You request the criterion panel by specifying the PLOTS=CRITERIA option in the PROC GLMSELECT statement. This panel displays the progression of the ADJRSQ, AIC, AICC, and SBC criteria, as well as any other criteria that are named in the CHOOSE=, SELECT=, STOP=, or STATS= option in the MODEL statement.
The following statements provide an example:
proc glmselect data=baseball plots=criteria; class league division; model logSalary = nAtBat nHits nHome nRuns nRBI nBB yrMajor|yrMajor crAtBat|crAtBat crHits|crHits crHome|crHome crRuns|crRuns crRbi|crRbi crBB|crBB league division nOuts nAssts nError / selection=forward(steps=15 choose=AICC) stats=PRESS; run;
Figure 45.18 shows the requested criterion panel. Note that the PRESS criterion is included in the panel because it is named in the STATS= option in the MODEL statement. The selected step is displayed as a vertical reference line on the plot of each criterion, and the legend indicates which of these criteria is used to make the selection. If the selection terminates for a reason other than optimizing a criterion displayed on this plot, then the legend will not report a reason for the selected step. The optimal value of each criterion is indicated with the “Star” marker. Note that it is possible that a better value of a criterion might have been reached had more steps of the selection process been done.
You request the average square error plot by specifying the PLOTS=ASE option in the PROC GLMSELECT statement. This plot shows the progression of the average square error (ASE) evaluated separately on the training data, and the test and validation data whenever these data are provided with the TESTDATA= and VALDATA= options or are produced by using a PARTITION statement. You use the plot to detect when overfitting the training data occurs. The ASE decreases monotonically on the training data as parameters are added to a model. However, the average square error on test and validation data typically starts increasing when overfitting occurs. See Output 45.1.9 and Output 45.2.6 for examples.

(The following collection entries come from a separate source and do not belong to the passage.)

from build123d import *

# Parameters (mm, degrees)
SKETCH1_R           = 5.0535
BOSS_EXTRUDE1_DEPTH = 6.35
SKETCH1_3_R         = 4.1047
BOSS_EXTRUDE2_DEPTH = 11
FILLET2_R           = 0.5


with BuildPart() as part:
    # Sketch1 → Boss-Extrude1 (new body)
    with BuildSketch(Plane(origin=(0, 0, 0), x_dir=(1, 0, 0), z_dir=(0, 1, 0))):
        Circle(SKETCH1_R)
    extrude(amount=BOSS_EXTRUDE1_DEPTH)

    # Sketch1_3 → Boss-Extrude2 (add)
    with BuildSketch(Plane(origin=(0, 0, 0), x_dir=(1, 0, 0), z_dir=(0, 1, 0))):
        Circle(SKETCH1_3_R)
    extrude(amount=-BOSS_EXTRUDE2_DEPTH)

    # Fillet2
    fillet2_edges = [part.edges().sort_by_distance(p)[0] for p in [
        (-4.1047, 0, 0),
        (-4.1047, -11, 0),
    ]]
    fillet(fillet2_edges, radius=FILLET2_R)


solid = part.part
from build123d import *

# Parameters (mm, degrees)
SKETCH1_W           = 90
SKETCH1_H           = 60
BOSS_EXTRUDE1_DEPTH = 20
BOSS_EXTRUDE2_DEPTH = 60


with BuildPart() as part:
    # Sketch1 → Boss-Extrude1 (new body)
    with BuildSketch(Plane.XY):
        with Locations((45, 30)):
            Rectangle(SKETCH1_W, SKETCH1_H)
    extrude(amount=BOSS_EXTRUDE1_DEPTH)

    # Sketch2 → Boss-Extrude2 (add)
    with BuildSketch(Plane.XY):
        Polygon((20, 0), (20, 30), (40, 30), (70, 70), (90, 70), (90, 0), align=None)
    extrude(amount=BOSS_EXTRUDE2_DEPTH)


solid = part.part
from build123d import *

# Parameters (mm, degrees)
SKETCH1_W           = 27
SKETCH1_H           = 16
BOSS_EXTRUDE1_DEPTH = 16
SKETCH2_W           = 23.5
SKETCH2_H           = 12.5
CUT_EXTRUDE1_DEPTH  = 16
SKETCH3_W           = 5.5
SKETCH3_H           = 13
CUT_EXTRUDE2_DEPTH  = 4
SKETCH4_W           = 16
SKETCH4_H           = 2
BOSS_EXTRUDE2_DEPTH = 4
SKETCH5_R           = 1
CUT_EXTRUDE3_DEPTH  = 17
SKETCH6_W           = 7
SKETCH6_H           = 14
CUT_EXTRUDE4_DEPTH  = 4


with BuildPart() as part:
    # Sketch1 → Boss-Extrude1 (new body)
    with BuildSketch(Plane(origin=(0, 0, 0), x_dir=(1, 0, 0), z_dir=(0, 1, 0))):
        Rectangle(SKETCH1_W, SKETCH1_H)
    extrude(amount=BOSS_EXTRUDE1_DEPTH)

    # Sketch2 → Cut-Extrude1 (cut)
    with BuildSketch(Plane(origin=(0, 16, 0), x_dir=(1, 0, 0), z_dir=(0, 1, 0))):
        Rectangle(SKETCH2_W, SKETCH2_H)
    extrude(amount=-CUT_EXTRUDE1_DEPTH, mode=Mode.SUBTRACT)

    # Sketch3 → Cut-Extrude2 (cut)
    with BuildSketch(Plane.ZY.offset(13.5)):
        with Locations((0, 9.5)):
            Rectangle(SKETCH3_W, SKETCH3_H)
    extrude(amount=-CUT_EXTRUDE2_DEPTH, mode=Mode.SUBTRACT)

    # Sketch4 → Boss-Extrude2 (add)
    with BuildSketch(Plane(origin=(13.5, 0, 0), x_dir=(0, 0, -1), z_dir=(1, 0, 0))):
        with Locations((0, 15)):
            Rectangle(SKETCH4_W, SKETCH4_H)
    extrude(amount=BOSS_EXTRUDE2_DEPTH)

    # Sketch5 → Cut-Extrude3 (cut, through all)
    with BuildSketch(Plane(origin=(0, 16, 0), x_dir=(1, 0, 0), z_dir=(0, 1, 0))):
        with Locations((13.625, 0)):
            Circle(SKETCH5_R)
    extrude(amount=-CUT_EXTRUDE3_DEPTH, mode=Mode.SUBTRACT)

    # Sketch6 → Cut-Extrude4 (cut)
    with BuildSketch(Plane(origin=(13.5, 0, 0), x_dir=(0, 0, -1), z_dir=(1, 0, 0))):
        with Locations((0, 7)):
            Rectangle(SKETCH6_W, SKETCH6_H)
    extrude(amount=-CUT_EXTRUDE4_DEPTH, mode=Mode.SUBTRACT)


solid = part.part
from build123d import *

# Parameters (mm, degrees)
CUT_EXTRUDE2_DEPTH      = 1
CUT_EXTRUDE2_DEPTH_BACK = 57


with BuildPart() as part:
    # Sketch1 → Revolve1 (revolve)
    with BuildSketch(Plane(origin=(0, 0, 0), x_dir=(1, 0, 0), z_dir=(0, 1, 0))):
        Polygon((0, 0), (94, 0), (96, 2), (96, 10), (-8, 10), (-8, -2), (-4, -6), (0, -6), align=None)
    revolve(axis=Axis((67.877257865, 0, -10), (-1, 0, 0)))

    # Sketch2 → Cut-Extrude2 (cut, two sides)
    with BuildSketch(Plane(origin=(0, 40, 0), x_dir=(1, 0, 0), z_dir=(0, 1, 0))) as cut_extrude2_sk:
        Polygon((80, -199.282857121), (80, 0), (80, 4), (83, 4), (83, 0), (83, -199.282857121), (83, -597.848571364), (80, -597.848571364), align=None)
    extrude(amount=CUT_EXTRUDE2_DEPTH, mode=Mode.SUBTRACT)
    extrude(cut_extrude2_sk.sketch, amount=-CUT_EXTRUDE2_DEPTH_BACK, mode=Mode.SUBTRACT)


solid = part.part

The coefficient panel, criterion panel, and average square error plot display information for all the steps examined in the selection process. In some cases, you might want to focus attention on just a particular step range. For example, it is hard to discern the variation in the criteria displayed in Figure 45.18 near the selected step because the variation in these criteria in the steps close to the selected step is small relative to the variation across all steps. You can request a range of steps to display using the STARTSTEP= and ENDSTEP= suboptions of the PLOTS= option. You can specify these options as both global and specific plot options, with the specific options taking precedence if both are specified. The following statements provide an example:
proc glmselect data=baseball plots=criteria(startstep=10 endstep=16); class league division; model logSalary = nAtBat nHits nHome nRuns nRBI nBB yrMajor|yrMajor crAtBat|crAtBat crHits|crHits crHome|crHome crRuns|crRuns crRbi|crRbi crBB|crBB league division nOuts nAssts nError / selection=forward(stop=none choose=AICC); run; ods graphics off;
Figure 45.19 shows the progression of the fit criteria between steps 10 and 16. Note that if the optimal value of a criterion does not occur in this specified step range, then no optimal marker appears for that criterion. The plot of the SBC criterion in Figure 45.19 is one such case.